| EXERCISE |
In the entries that follow, the line with "#49=ORIENTED_EDGE('',*,*,#48,.T.);" opens the range and the line with "#56=EDGE_CURVE('E297',#47,#55,#53,.T.);" closes it; repeat that range exactly, both lines included.

BEGIN SUPPLIED ENTRIES

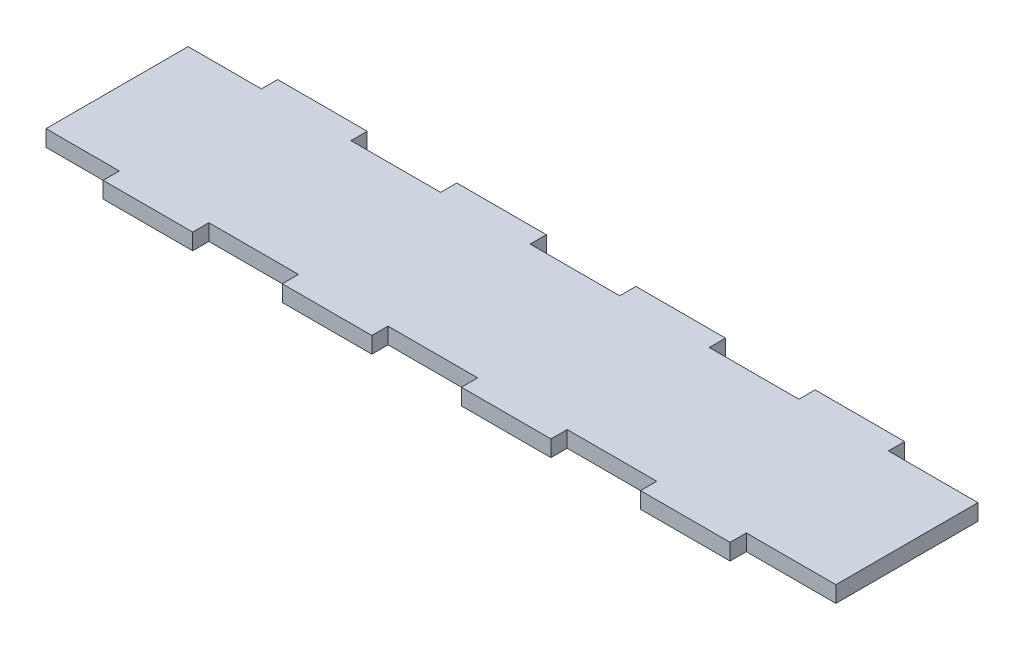
ISO-10303-21;
HEADER;
FILE_DESCRIPTION(('STEP AP214'),'2;1');
FILE_NAME('part.step','',(''),(''),'','','');
FILE_SCHEMA(('AUTOMOTIVE_DESIGN { 1 0 10303 214 1 1 1 1 }'));
ENDSEC;
DATA;
#1=APPLICATION_CONTEXT('core data for automotive mechanical design processes');
#2=APPLICATION_PROTOCOL_DEFINITION('international standard','automotive_design',2000,#1);
#3=PRODUCT_CONTEXT('',#1,'mechanical');
#4=PRODUCT('Part','Part','',(#3));
#5=PRODUCT_RELATED_PRODUCT_CATEGORY('part','',(#4));
#6=PRODUCT_DEFINITION_FORMATION('','',#4);
#7=PRODUCT_DEFINITION_CONTEXT('part definition',#1,'design');
#8=PRODUCT_DEFINITION('design','',#6,#7);
#9=PRODUCT_DEFINITION_SHAPE('','',#8);
#10=(LENGTH_UNIT() NAMED_UNIT(*) SI_UNIT(.MILLI.,.METRE.));
#11=(NAMED_UNIT(*) PLANE_ANGLE_UNIT() SI_UNIT($,.RADIAN.));
#12=(NAMED_UNIT(*) SI_UNIT($,.STERADIAN.) SOLID_ANGLE_UNIT());
#13=UNCERTAINTY_MEASURE_WITH_UNIT(LENGTH_MEASURE(1.E-05),#10,'distance_accuracy_value','');
#14=(GEOMETRIC_REPRESENTATION_CONTEXT(3) GLOBAL_UNCERTAINTY_ASSIGNED_CONTEXT((#13)) GLOBAL_UNIT_ASSIGNED_CONTEXT((#10,
#11,#12)) REPRESENTATION_CONTEXT('',''));
#15=CARTESIAN_POINT('',(0.,0.,0.));
#16=DIRECTION('',(0.,0.,1.));
#17=DIRECTION('',(1.,0.,0.));
#18=AXIS2_PLACEMENT_3D('',#15,#16,#17);
#19=CARTESIAN_POINT('',(0.,4.599999944,0.));
#20=DIRECTION('',(0.,-1.,0.));
#21=DIRECTION('',(0.,0.,-1.));
#22=AXIS2_PLACEMENT_3D('',#19,#20,#21);
#23=PLANE('',#22);
#24=DIRECTION('',(1.,0.,0.));
#25=VECTOR('',#24,1.);
#26=CARTESIAN_POINT('',(0.,4.599999944,-44.899999862));
#27=LINE('',#26,#25);
#28=CARTESIAN_POINT('',(4.599999944,4.599999944,-44.899999862));
#29=VERTEX_POINT('',#28);
#30=CARTESIAN_POINT('',(25.4,4.599999944,-44.899999862));
#31=VERTEX_POINT('',#30);
#32=EDGE_CURVE('E945',#29,#31,#27,.T.);
#33=ORIENTED_EDGE('',*,*,#32,.F.);
#34=DIRECTION('',(0.,0.,-1.));
#35=VECTOR('',#34,1.);
#36=CARTESIAN_POINT('',(4.599999944,4.599999944,-44.899999862));
#37=LINE('',#36,#35);
#38=CARTESIAN_POINT('',(4.599999944,4.599999944,-4.599999944));
#39=VERTEX_POINT('',#38);
#40=EDGE_CURVE('E52',#39,#29,#37,.T.);
#41=ORIENTED_EDGE('',*,*,#40,.F.);
#42=DIRECTION('',(1.,0.,0.));
#43=VECTOR('',#42,1.);
#44=CARTESIAN_POINT('',(0.,4.599999944,-4.599999944));
#45=LINE('',#44,#43);
#46=CARTESIAN_POINT('',(25.4,4.599999944,-4.599999944));
#47=VERTEX_POINT('',#46);
#48=EDGE_CURVE('E284',#39,#47,#45,.T.);
#49=ORIENTED_EDGE('',*,*,#48,.T.);
#50=DIRECTION('',(0.,0.,1.));
#51=VECTOR('',#50,1.);
#52=CARTESIAN_POINT('',(25.4,4.599999944,0.));
#53=LINE('',#52,#51);
#54=CARTESIAN_POINT('',(25.4,4.599999944,0.));
#55=VERTEX_POINT('',#54);
#56=EDGE_CURVE('E297',#47,#55,#53,.T.);
#57=ORIENTED_EDGE('',*,*,#56,.T.);
#58=DIRECTION('',(1.,0.,0.));
#59=VECTOR('',#58,1.);
#60=CARTESIAN_POINT('',(0.,4.599999944,0.));
#61=LINE('',#60,#59);
#62=CARTESIAN_POINT('',(50.8,4.599999944,0.));
#63=VERTEX_POINT('',#62);
#64=EDGE_CURVE('E399',#55,#63,#61,.T.);
#65=ORIENTED_EDGE('',*,*,#64,.T.);
#66=DIRECTION('',(0.,0.,1.));
#67=VECTOR('',#66,1.);
#68=CARTESIAN_POINT('',(50.8,4.599999944,0.));
#69=LINE('',#68,#67);
#70=CARTESIAN_POINT('',(50.8,4.599999944,-4.599999944));
#71=VERTEX_POINT('',#70);
#72=EDGE_CURVE('E315',#71,#63,#69,.T.);
#73=ORIENTED_EDGE('',*,*,#72,.F.);
#74=DIRECTION('',(1.,0.,0.));
#75=VECTOR('',#74,1.);
#76=CARTESIAN_POINT('',(0.,4.599999944,-4.599999944));
#77=LINE('',#76,#75);
#78=CARTESIAN_POINT('',(76.2,4.599999944,-4.599999944));
#79=VERTEX_POINT('',#78);
#80=EDGE_CURVE('E317',#71,#79,#77,.T.);
#81=ORIENTED_EDGE('',*,*,#80,.T.);
#82=DIRECTION('',(0.,0.,1.));
#83=VECTOR('',#82,1.);
#84=CARTESIAN_POINT('',(76.2,4.599999944,0.));
#85=LINE('',#84,#83);
#86=CARTESIAN_POINT('',(76.2,4.599999944,0.));
#87=VERTEX_POINT('',#86);
#88=EDGE_CURVE('E300',#79,#87,#85,.T.);
#89=ORIENTED_EDGE('',*,*,#88,.T.);
#90=CARTESIAN_POINT('',(101.6,4.599999944,0.));
#91=VERTEX_POINT('',#90);
#92=EDGE_CURVE('E443',#87,#91,#61,.T.);
#93=ORIENTED_EDGE('',*,*,#92,.T.);
#94=DIRECTION('',(0.,0.,1.));
#95=VECTOR('',#94,1.);
#96=CARTESIAN_POINT('',(101.6,4.599999944,0.));
#97=LINE('',#96,#95);
#98=CARTESIAN_POINT('',(101.6,4.599999944,-4.599999944));
#99=VERTEX_POINT('',#98);
#100=EDGE_CURVE('E339',#99,#91,#97,.T.);
#101=ORIENTED_EDGE('',*,*,#100,.F.);
#102=DIRECTION('',(1.,0.,0.));
#103=VECTOR('',#102,1.);
#104=CARTESIAN_POINT('',(0.,4.599999944,-4.599999944));
#105=LINE('',#104,#103);
#106=CARTESIAN_POINT('',(127.,4.599999944,-4.599999944));
#107=VERTEX_POINT('',#106);
#108=EDGE_CURVE('E341',#99,#107,#105,.T.);
#109=ORIENTED_EDGE('',*,*,#108,.T.);
#110=DIRECTION('',(0.,0.,1.));
#111=VECTOR('',#110,1.);
#112=CARTESIAN_POINT('',(127.,4.599999944,0.));
#113=LINE('',#112,#111);
#114=CARTESIAN_POINT('',(127.,4.599999944,0.));
#115=VERTEX_POINT('',#114);
#116=EDGE_CURVE('E314',#107,#115,#113,.T.);
#117=ORIENTED_EDGE('',*,*,#116,.T.);
#118=CARTESIAN_POINT('',(152.4,4.599999944,0.));
#119=VERTEX_POINT('',#118);
#120=EDGE_CURVE('E397',#115,#119,#61,.T.);
#121=ORIENTED_EDGE('',*,*,#120,.T.);
#122=DIRECTION('',(0.,0.,1.));
#123=VECTOR('',#122,1.);
#124=CARTESIAN_POINT('',(152.4,4.599999944,0.));
#125=LINE('',#124,#123);
#126=CARTESIAN_POINT('',(152.4,4.599999944,-4.599999944));
#127=VERTEX_POINT('',#126);
#128=EDGE_CURVE('E366',#127,#119,#125,.T.);
#129=ORIENTED_EDGE('',*,*,#128,.F.);
#130=DIRECTION('',(-1.,0.,0.));
#131=VECTOR('',#130,1.);
#132=CARTESIAN_POINT('',(0.,4.599999944,-4.59999994399998));
#133=LINE('',#132,#131);
#134=CARTESIAN_POINT('',(177.8,4.599999944,-4.599999944));
#135=VERTEX_POINT('',#134);
#136=EDGE_CURVE('E338',#135,#127,#133,.T.);
#137=ORIENTED_EDGE('',*,*,#136,.F.);
#138=DIRECTION('',(0.,0.,1.));
#139=VECTOR('',#138,1.);
#140=CARTESIAN_POINT('',(177.8,4.599999944,0.));
#141=LINE('',#140,#139);
#142=CARTESIAN_POINT('',(177.8,4.599999944,0.));
#143=VERTEX_POINT('',#142);
#144=EDGE_CURVE('E363',#135,#143,#141,.T.);
#145=ORIENTED_EDGE('',*,*,#144,.T.);
#146=CARTESIAN_POINT('',(203.2,4.599999944,0.));
#147=VERTEX_POINT('',#146);
#148=EDGE_CURVE('E394',#143,#147,#61,.T.);
#149=ORIENTED_EDGE('',*,*,#148,.T.);
#150=DIRECTION('',(0.,0.,1.));
#151=VECTOR('',#150,1.);
#152=CARTESIAN_POINT('',(203.2,4.599999944,-4.599999944));
#153=LINE('',#152,#151);
#154=CARTESIAN_POINT('',(203.2,4.599999944,-4.599999944));
#155=VERTEX_POINT('',#154);
#156=EDGE_CURVE('E386',#155,#147,#153,.T.);
#157=ORIENTED_EDGE('',*,*,#156,.F.);
#158=DIRECTION('',(1.,0.,0.));
#159=VECTOR('',#158,1.);
#160=CARTESIAN_POINT('',(203.2,4.599999944,-4.599999944));
#161=LINE('',#160,#159);
#162=CARTESIAN_POINT('',(228.6,4.599999944,-4.599999944));
#163=VERTEX_POINT('',#162);
#164=EDGE_CURVE('E362',#155,#163,#161,.T.);
#165=ORIENTED_EDGE('',*,*,#164,.T.);
#166=DIRECTION('',(0.,0.,-1.));
#167=VECTOR('',#166,1.);
#168=CARTESIAN_POINT('',(228.6,4.599999944,0.));
#169=LINE('',#168,#167);
#170=CARTESIAN_POINT('',(228.6,4.599999944,-44.899999862));
#171=VERTEX_POINT('',#170);
#172=EDGE_CURVE('E400',#163,#171,#169,.T.);
#173=ORIENTED_EDGE('',*,*,#172,.T.);
#174=DIRECTION('',(1.,0.,0.));
#175=VECTOR('',#174,1.);
#176=CARTESIAN_POINT('',(203.2,4.599999944,-44.899999862));
#177=LINE('',#176,#175);
#178=CARTESIAN_POINT('',(203.2,4.599999944,-44.899999862));
#179=VERTEX_POINT('',#178);
#180=EDGE_CURVE('E628',#179,#171,#177,.T.);
#181=ORIENTED_EDGE('',*,*,#180,.F.);
#182=DIRECTION('',(0.,0.,-1.));
#183=VECTOR('',#182,1.);
#184=CARTESIAN_POINT('',(203.2,4.599999944,-44.899999862));
#185=LINE('',#184,#183);
#186=CARTESIAN_POINT('',(203.2,4.599999944,-49.499999806));
#187=VERTEX_POINT('',#186);
#188=EDGE_CURVE('E631',#179,#187,#185,.T.);
#189=ORIENTED_EDGE('',*,*,#188,.T.);
#190=DIRECTION('',(-1.,0.,0.));
#191=VECTOR('',#190,1.);
#192=CARTESIAN_POINT('',(0.,4.599999944,-49.499999806));
#193=LINE('',#192,#191);
#194=CARTESIAN_POINT('',(177.8,4.599999944,-49.499999806));
#195=VERTEX_POINT('',#194);
#196=EDGE_CURVE('E11',#187,#195,#193,.T.);
#197=ORIENTED_EDGE('',*,*,#196,.T.);
#198=DIRECTION('',(0.,0.,-1.));
#199=VECTOR('',#198,1.);
#200=CARTESIAN_POINT('',(177.8,4.599999944,-49.499999806));
#201=LINE('',#200,#199);
#202=CARTESIAN_POINT('',(177.8,4.599999944,-44.899999862));
#203=VERTEX_POINT('',#202);
#204=EDGE_CURVE('E614',#203,#195,#201,.T.);
#205=ORIENTED_EDGE('',*,*,#204,.F.);
#206=DIRECTION('',(-1.,0.,0.));
#207=VECTOR('',#206,1.);
#208=CARTESIAN_POINT('',(0.,4.599999944,-44.899999862));
#209=LINE('',#208,#207);
#210=CARTESIAN_POINT('',(152.4,4.599999944,-44.899999862));
#211=VERTEX_POINT('',#210);
#212=EDGE_CURVE('E611',#203,#211,#209,.T.);
#213=ORIENTED_EDGE('',*,*,#212,.T.);
#214=DIRECTION('',(0.,0.,-1.));
#215=VECTOR('',#214,1.);
#216=CARTESIAN_POINT('',(152.4,4.599999944,-49.499999806));
#217=LINE('',#216,#215);
#218=CARTESIAN_POINT('',(152.4,4.599999944,-49.499999806));
#219=VERTEX_POINT('',#218);
#220=EDGE_CURVE('E606',#211,#219,#217,.T.);
#221=ORIENTED_EDGE('',*,*,#220,.T.);
#222=CARTESIAN_POINT('',(127.,4.599999944,-49.499999806));
#223=VERTEX_POINT('',#222);
#224=EDGE_CURVE('E43',#219,#223,#193,.T.);
#225=ORIENTED_EDGE('',*,*,#224,.T.);
#226=DIRECTION('',(0.,0.,-1.));
#227=VECTOR('',#226,1.);
#228=CARTESIAN_POINT('',(127.,4.599999944,-49.499999806));
#229=LINE('',#228,#227);
#230=CARTESIAN_POINT('',(127.,4.599999944,-44.899999862));
#231=VERTEX_POINT('',#230);
#232=EDGE_CURVE('E590',#231,#223,#229,.T.);
#233=ORIENTED_EDGE('',*,*,#232,.F.);
#234=DIRECTION('',(1.,0.,0.));
#235=VECTOR('',#234,1.);
#236=CARTESIAN_POINT('',(0.,4.599999944,-44.899999862));
#237=LINE('',#236,#235);
#238=CARTESIAN_POINT('',(101.6,4.599999944,-44.899999862));
#239=VERTEX_POINT('',#238);
#240=EDGE_CURVE('E585',#239,#231,#237,.T.);
#241=ORIENTED_EDGE('',*,*,#240,.F.);
#242=DIRECTION('',(0.,0.,-1.));
#243=VECTOR('',#242,1.);
#244=CARTESIAN_POINT('',(101.6,4.599999944,-49.499999806));
#245=LINE('',#244,#243);
#246=CARTESIAN_POINT('',(101.6,4.599999944,-49.499999806));
#247=VERTEX_POINT('',#246);
#248=EDGE_CURVE('E592',#239,#247,#245,.T.);
#249=ORIENTED_EDGE('',*,*,#248,.T.);
#250=CARTESIAN_POINT('',(76.2,4.599999944,-49.499999806));
#251=VERTEX_POINT('',#250);
#252=EDGE_CURVE('E404',#247,#251,#193,.T.);
#253=ORIENTED_EDGE('',*,*,#252,.T.);
#254=DIRECTION('',(0.,0.,-1.));
#255=VECTOR('',#254,1.);
#256=CARTESIAN_POINT('',(76.2,4.599999944,-49.499999806));
#257=LINE('',#256,#255);
#258=CARTESIAN_POINT('',(76.2,4.599999944,-44.899999862));
#259=VERTEX_POINT('',#258);
#260=EDGE_CURVE('E570',#259,#251,#257,.T.);
#261=ORIENTED_EDGE('',*,*,#260,.F.);
#262=DIRECTION('',(1.,0.,0.));
#263=VECTOR('',#262,1.);
#264=CARTESIAN_POINT('',(0.,4.599999944,-44.899999862));
#265=LINE('',#264,#263);
#266=CARTESIAN_POINT('',(50.8,4.599999944,-44.899999862));
#267=VERTEX_POINT('',#266);
#268=EDGE_CURVE('E559',#267,#259,#265,.T.);
#269=ORIENTED_EDGE('',*,*,#268,.F.);
#270=DIRECTION('',(0.,0.,-1.));
#271=VECTOR('',#270,1.);
#272=CARTESIAN_POINT('',(50.8,4.599999944,-49.499999806));
#273=LINE('',#272,#271);
#274=CARTESIAN_POINT('',(50.8,4.599999944,-49.499999806));
#275=VERTEX_POINT('',#274);
#276=EDGE_CURVE('E563',#267,#275,#273,.T.);
#277=ORIENTED_EDGE('',*,*,#276,.T.);
#278=CARTESIAN_POINT('',(25.4,4.599999944,-49.499999806));
#279=VERTEX_POINT('',#278);
#280=EDGE_CURVE('E45',#275,#279,#193,.T.);
#281=ORIENTED_EDGE('',*,*,#280,.T.);
#282=DIRECTION('',(0.,0.,-1.));
#283=VECTOR('',#282,1.);
#284=CARTESIAN_POINT('',(25.4,4.599999944,-49.499999806));
#285=LINE('',#284,#283);
#286=EDGE_CURVE('E60',#31,#279,#285,.T.);
#287=ORIENTED_EDGE('',*,*,#286,.F.);
#288=EDGE_LOOP('',(#33,#41,#49,#57,#65,#73,#81,#89,#93,#101,#109,#117,#121,#129,#137,#145,#149,
#157,#165,#173,#181,#189,#197,#205,#213,#221,#225,#233,#241,#249,#253,#261,#269,#277,#281,#287));
#289=FACE_BOUND('',#288,.T.);
#290=ADVANCED_FACE('F34',(#289),#23,.F.);
#291=CARTESIAN_POINT('',(0.,0.,0.));
#292=DIRECTION('',(0.,-1.,0.));
#293=DIRECTION('',(0.,0.,-1.));
#294=AXIS2_PLACEMENT_3D('',#291,#292,#293);
#295=PLANE('',#294);
#296=DIRECTION('',(0.,0.,-1.));
#297=VECTOR('',#296,1.);
#298=CARTESIAN_POINT('',(4.599999944,0.,-44.899999862));
#299=LINE('',#298,#297);
#300=CARTESIAN_POINT('',(4.599999944,0.,-4.599999944));
#301=VERTEX_POINT('',#300);
#302=CARTESIAN_POINT('',(4.599999944,0.,-44.899999862));
#303=VERTEX_POINT('',#302);
#304=EDGE_CURVE('E269',#301,#303,#299,.T.);
#305=ORIENTED_EDGE('',*,*,#304,.T.);
#306=DIRECTION('',(1.,0.,0.));
#307=VECTOR('',#306,1.);
#308=CARTESIAN_POINT('',(0.,0.,-44.899999862));
#309=LINE('',#308,#307);
#310=CARTESIAN_POINT('',(25.4,0.,-44.899999862));
#311=VERTEX_POINT('',#310);
#312=EDGE_CURVE('E940',#303,#311,#309,.T.);
#313=ORIENTED_EDGE('',*,*,#312,.T.);
#314=DIRECTION('',(0.,0.,-1.));
#315=VECTOR('',#314,1.);
#316=CARTESIAN_POINT('',(25.4,0.,-49.499999806));
#317=LINE('',#316,#315);
#318=CARTESIAN_POINT('',(25.4,0.,-49.499999806));
#319=VERTEX_POINT('',#318);
#320=EDGE_CURVE('E943',#311,#319,#317,.T.);
#321=ORIENTED_EDGE('',*,*,#320,.T.);
#322=DIRECTION('',(-1.,0.,0.));
#323=VECTOR('',#322,1.);
#324=CARTESIAN_POINT('',(0.,0.,-49.499999806));
#325=LINE('',#324,#323);
#326=CARTESIAN_POINT('',(50.8,0.,-49.499999806));
#327=VERTEX_POINT('',#326);
#328=EDGE_CURVE('E38',#327,#319,#325,.T.);
#329=ORIENTED_EDGE('',*,*,#328,.F.);
#330=DIRECTION('',(0.,0.,-1.));
#331=VECTOR('',#330,1.);
#332=CARTESIAN_POINT('',(50.8,0.,-49.499999806));
#333=LINE('',#332,#331);
#334=CARTESIAN_POINT('',(50.8,0.,-44.899999862));
#335=VERTEX_POINT('',#334);
#336=EDGE_CURVE('E558',#335,#327,#333,.T.);
#337=ORIENTED_EDGE('',*,*,#336,.F.);
#338=DIRECTION('',(1.,0.,0.));
#339=VECTOR('',#338,1.);
#340=CARTESIAN_POINT('',(0.,0.,-44.899999862));
#341=LINE('',#340,#339);
#342=CARTESIAN_POINT('',(76.2,0.,-44.899999862));
#343=VERTEX_POINT('',#342);
#344=EDGE_CURVE('E556',#335,#343,#341,.T.);
#345=ORIENTED_EDGE('',*,*,#344,.T.);
#346=DIRECTION('',(0.,0.,-1.));
#347=VECTOR('',#346,1.);
#348=CARTESIAN_POINT('',(76.2,0.,-49.499999806));
#349=LINE('',#348,#347);
#350=CARTESIAN_POINT('',(76.2,0.,-49.499999806));
#351=VERTEX_POINT('',#350);
#352=EDGE_CURVE('E553',#343,#351,#349,.T.);
#353=ORIENTED_EDGE('',*,*,#352,.T.);
#354=CARTESIAN_POINT('',(101.6,0.,-49.499999806));
#355=VERTEX_POINT('',#354);
#356=EDGE_CURVE('E415',#355,#351,#325,.T.);
#357=ORIENTED_EDGE('',*,*,#356,.F.);
#358=DIRECTION('',(0.,0.,-1.));
#359=VECTOR('',#358,1.);
#360=CARTESIAN_POINT('',(101.6,0.,-49.499999806));
#361=LINE('',#360,#359);
#362=CARTESIAN_POINT('',(101.6,0.,-44.899999862));
#363=VERTEX_POINT('',#362);
#364=EDGE_CURVE('E550',#363,#355,#361,.T.);
#365=ORIENTED_EDGE('',*,*,#364,.F.);
#366=DIRECTION('',(1.,0.,0.));
#367=VECTOR('',#366,1.);
#368=CARTESIAN_POINT('',(0.,0.,-44.899999862));
#369=LINE('',#368,#367);
#370=CARTESIAN_POINT('',(127.,0.,-44.899999862));
#371=VERTEX_POINT('',#370);
#372=EDGE_CURVE('E587',#363,#371,#369,.T.);
#373=ORIENTED_EDGE('',*,*,#372,.T.);
#374=DIRECTION('',(0.,0.,-1.));
#375=VECTOR('',#374,1.);
#376=CARTESIAN_POINT('',(127.,0.,-49.499999806));
#377=LINE('',#376,#375);
#378=CARTESIAN_POINT('',(127.,0.,-49.499999806));
#379=VERTEX_POINT('',#378);
#380=EDGE_CURVE('E582',#371,#379,#377,.T.);
#381=ORIENTED_EDGE('',*,*,#380,.T.);
#382=CARTESIAN_POINT('',(152.4,0.,-49.499999806));
#383=VERTEX_POINT('',#382);
#384=EDGE_CURVE('E533',#383,#379,#325,.T.);
#385=ORIENTED_EDGE('',*,*,#384,.F.);
#386=DIRECTION('',(0.,0.,-1.));
#387=VECTOR('',#386,1.);
#388=CARTESIAN_POINT('',(152.4,0.,-49.499999806));
#389=LINE('',#388,#387);
#390=CARTESIAN_POINT('',(152.4,0.,-44.899999862));
#391=VERTEX_POINT('',#390);
#392=EDGE_CURVE('E608',#391,#383,#389,.T.);
#393=ORIENTED_EDGE('',*,*,#392,.F.);
#394=DIRECTION('',(-1.,0.,0.));
#395=VECTOR('',#394,1.);
#396=CARTESIAN_POINT('',(0.,0.,-44.899999862));
#397=LINE('',#396,#395);
#398=CARTESIAN_POINT('',(177.8,0.,-44.899999862));
#399=VERTEX_POINT('',#398);
#400=EDGE_CURVE('E603',#399,#391,#397,.T.);
#401=ORIENTED_EDGE('',*,*,#400,.F.);
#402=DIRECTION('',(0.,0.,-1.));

END SUPPLIED ENTRIES

| RESPONSE |
#49=ORIENTED_EDGE('',*,*,#48,.T.);
#50=DIRECTION('',(0.,0.,1.));
#51=VECTOR('',#50,1.);
#52=CARTESIAN_POINT('',(25.4,4.599999944,0.));
#53=LINE('',#52,#51);
#54=CARTESIAN_POINT('',(25.4,4.599999944,0.));
#55=VERTEX_POINT('',#54);
#56=EDGE_CURVE('E297',#47,#55,#53,.T.);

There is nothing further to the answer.